What Organisations Should Actually Do

This is where most security posts go generic. Here’s what’s specifically relevant to the attack pattern in this claim:

Rotate CI/CD credentials now, not after confirmation. If you have GitHub tokens, Jenkins service account credentials, or Vault tokens that haven’t been rotated in more than 90 days, rotate them regardless of whether you’re connected to this incident. Long-lived credentials are the attack surface. Make them short-lived.

Audit Owner-level GitHub permissions.
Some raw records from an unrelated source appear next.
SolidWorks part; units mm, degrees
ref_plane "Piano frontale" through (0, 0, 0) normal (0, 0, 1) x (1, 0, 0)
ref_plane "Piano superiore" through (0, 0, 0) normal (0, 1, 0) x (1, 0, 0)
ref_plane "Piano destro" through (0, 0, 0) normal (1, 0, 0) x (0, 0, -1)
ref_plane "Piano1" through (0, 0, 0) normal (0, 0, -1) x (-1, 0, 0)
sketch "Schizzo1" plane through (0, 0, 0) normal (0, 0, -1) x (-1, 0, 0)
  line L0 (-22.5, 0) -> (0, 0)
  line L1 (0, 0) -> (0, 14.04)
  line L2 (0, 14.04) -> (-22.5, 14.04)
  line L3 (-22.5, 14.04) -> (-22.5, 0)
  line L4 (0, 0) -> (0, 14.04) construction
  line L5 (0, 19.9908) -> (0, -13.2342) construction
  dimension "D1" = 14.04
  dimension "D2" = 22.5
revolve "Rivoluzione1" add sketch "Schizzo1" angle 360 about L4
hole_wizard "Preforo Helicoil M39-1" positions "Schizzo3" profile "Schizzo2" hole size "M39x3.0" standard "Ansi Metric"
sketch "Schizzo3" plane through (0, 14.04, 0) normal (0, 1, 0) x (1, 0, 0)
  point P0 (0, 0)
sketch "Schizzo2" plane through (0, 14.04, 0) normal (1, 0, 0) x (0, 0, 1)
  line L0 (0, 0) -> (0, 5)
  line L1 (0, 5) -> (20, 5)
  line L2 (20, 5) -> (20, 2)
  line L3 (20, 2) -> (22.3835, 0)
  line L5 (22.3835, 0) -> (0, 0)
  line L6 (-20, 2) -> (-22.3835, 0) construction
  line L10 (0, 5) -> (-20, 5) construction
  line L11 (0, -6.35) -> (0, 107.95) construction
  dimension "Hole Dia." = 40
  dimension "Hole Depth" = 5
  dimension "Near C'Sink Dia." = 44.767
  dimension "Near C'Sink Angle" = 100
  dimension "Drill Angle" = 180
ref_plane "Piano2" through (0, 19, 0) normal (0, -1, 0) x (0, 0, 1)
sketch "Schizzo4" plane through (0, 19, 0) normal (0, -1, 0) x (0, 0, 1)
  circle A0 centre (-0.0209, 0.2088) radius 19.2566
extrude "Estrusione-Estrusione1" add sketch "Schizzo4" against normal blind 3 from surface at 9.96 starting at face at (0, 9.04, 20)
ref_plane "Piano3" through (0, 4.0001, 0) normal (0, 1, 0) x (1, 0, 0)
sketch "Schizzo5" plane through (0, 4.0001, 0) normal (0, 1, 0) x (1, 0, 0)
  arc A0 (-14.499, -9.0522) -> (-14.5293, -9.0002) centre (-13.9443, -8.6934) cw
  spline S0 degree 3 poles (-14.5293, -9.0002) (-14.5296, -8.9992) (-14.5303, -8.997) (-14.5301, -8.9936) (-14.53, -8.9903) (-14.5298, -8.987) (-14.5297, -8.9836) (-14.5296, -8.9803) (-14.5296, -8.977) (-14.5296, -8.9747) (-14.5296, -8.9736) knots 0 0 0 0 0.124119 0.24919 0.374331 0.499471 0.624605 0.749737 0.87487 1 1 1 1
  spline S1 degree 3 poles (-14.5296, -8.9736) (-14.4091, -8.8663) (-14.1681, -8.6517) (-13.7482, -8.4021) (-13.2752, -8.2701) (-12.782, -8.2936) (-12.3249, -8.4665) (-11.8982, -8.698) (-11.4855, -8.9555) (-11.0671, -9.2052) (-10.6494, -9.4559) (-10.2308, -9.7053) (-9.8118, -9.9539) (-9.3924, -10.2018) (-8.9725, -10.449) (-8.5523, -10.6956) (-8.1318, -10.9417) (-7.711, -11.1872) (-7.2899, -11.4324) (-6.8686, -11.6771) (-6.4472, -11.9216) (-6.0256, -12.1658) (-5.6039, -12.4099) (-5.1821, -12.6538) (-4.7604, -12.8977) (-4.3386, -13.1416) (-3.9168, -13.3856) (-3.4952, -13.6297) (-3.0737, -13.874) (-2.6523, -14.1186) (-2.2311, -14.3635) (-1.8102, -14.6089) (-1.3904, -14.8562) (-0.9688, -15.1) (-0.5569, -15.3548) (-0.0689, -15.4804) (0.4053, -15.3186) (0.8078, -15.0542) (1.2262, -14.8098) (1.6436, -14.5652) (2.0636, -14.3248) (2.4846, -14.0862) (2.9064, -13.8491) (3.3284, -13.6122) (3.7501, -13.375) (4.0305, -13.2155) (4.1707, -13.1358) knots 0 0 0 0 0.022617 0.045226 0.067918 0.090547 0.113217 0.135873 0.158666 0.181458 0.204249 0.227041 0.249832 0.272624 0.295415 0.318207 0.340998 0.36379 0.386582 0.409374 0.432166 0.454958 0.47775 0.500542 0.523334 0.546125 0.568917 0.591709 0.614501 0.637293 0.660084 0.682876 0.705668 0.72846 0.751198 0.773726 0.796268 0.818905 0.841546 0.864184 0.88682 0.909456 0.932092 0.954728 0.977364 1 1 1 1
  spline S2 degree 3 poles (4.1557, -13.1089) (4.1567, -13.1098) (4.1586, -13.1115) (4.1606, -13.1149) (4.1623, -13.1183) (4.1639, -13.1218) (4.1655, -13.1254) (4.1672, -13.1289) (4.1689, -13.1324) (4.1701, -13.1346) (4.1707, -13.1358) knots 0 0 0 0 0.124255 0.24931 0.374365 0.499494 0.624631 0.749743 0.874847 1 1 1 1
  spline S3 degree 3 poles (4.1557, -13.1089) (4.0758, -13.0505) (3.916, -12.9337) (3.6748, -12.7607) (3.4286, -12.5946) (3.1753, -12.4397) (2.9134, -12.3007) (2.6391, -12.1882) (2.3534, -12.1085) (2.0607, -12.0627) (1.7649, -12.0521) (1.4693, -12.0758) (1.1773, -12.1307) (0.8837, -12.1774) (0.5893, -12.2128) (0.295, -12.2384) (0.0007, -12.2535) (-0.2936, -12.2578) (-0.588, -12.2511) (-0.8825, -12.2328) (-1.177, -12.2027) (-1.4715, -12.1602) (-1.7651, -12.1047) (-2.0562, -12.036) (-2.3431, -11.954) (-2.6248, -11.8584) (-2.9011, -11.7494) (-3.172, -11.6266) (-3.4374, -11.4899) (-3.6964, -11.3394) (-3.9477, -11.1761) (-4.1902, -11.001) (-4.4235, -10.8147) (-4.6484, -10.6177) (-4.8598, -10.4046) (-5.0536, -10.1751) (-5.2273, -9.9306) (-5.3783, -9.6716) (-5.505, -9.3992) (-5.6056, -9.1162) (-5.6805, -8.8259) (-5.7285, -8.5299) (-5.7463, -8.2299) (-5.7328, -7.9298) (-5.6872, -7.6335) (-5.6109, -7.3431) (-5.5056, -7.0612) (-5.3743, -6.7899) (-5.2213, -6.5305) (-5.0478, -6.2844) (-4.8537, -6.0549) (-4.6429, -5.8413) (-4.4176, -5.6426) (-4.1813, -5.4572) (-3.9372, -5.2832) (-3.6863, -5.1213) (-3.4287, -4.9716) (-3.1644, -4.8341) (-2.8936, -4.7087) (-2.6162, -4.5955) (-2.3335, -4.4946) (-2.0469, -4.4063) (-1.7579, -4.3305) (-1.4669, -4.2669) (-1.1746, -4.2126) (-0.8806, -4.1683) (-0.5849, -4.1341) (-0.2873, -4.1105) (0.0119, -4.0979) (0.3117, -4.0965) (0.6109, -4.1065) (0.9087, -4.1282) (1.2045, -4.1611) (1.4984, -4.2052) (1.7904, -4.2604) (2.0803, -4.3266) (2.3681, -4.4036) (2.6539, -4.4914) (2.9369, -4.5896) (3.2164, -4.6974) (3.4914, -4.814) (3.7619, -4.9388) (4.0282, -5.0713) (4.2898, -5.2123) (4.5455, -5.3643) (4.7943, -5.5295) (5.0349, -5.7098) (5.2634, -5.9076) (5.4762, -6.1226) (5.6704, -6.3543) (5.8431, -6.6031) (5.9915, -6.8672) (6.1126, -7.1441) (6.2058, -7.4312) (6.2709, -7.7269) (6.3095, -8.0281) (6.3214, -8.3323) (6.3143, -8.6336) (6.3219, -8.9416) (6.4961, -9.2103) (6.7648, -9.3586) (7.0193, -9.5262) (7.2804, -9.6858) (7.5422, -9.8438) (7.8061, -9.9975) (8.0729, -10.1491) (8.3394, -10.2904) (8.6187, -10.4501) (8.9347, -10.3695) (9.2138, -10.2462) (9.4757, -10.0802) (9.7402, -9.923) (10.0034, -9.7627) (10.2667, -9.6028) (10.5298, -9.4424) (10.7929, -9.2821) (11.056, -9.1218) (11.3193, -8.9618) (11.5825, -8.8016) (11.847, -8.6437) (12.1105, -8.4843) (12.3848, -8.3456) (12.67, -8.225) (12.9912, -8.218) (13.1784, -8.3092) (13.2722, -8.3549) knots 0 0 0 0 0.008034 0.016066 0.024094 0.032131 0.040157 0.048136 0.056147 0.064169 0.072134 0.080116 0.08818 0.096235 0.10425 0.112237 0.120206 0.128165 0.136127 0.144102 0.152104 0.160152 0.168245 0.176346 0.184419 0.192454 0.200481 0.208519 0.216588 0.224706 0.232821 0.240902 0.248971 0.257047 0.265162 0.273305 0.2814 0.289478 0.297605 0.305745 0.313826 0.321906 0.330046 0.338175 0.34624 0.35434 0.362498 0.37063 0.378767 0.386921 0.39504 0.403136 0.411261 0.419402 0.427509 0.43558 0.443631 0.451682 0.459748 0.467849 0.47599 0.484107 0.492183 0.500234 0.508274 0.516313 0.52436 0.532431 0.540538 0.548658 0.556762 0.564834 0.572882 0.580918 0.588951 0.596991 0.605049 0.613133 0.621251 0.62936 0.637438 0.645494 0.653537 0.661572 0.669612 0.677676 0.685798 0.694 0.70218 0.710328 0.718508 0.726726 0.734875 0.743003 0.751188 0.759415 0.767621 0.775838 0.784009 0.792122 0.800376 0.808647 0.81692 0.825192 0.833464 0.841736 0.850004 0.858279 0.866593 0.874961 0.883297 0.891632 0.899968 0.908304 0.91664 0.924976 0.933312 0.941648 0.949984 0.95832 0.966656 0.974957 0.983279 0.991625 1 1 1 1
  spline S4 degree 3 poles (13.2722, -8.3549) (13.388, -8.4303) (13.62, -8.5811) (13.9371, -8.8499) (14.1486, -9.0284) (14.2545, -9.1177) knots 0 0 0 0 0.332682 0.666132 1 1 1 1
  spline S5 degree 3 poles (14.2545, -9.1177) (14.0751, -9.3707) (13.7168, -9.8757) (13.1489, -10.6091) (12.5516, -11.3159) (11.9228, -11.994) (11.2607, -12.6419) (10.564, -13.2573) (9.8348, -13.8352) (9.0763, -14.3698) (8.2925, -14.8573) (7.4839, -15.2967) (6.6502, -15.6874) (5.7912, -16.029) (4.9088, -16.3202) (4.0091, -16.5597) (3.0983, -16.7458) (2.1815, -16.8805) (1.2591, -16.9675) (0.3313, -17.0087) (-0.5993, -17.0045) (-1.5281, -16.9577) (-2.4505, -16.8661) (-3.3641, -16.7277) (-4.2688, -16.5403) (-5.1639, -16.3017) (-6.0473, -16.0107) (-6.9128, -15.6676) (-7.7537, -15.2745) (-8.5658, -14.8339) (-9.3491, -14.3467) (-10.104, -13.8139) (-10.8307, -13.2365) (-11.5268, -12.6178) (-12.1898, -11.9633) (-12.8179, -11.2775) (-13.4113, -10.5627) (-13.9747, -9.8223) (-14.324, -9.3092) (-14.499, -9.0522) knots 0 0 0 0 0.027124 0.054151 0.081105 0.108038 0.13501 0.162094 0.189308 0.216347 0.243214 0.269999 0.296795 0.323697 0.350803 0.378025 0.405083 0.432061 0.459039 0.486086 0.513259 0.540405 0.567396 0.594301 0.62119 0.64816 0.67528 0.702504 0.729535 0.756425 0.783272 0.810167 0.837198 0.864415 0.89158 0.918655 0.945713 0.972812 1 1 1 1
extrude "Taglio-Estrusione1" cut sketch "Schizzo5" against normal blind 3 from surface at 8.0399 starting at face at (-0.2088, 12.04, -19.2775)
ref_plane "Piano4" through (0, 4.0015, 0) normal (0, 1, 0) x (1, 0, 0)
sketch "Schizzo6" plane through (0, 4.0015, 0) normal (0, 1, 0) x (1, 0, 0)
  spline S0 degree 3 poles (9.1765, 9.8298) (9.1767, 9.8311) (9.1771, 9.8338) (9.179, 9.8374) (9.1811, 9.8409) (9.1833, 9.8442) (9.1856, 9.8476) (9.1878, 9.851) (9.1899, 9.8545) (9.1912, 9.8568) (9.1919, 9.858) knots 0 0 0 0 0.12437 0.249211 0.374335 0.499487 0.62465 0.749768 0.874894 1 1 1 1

The HackRead analysis flagged the presence of Owner-role accounts across multiple repositories as particularly sensitive. Most organisations have more people with Owner permissions than they realise. Run the audit. Demote where you can. Owner access should be exceptional, not a default for senior developers.

Review contractor access logs for anomalies. If you have IQVIA, Parexel, Labcorp, or similar CRO relationships, check your access logs for their accounts going back 60-90 days. Look for off-hours access, unusual data volumes, or access to systems outside the normal scope of those contractor relationships.

Don’t wait for AstraZeneca’s confirmation before treating this as a live threat model. The sample data is partially credible. The group is active and scaling. The Trivy supply chain campaign is already affecting thousands of environments. If your CI/CD pipeline uses Trivy and you haven’t reviewed your configuration since January, start there.

Implement short-lived credentials with OIDC where you haven’t. If your GitHub Actions or Jenkins pipelines still use long-lived PATs stored as secrets, migrate to OIDC-based authentication where the token has a 15-minute lifespan and is scoped to the specific run. It eliminates the credential theft problem entirely for that vector.

The breach is unconfirmed. The group is not.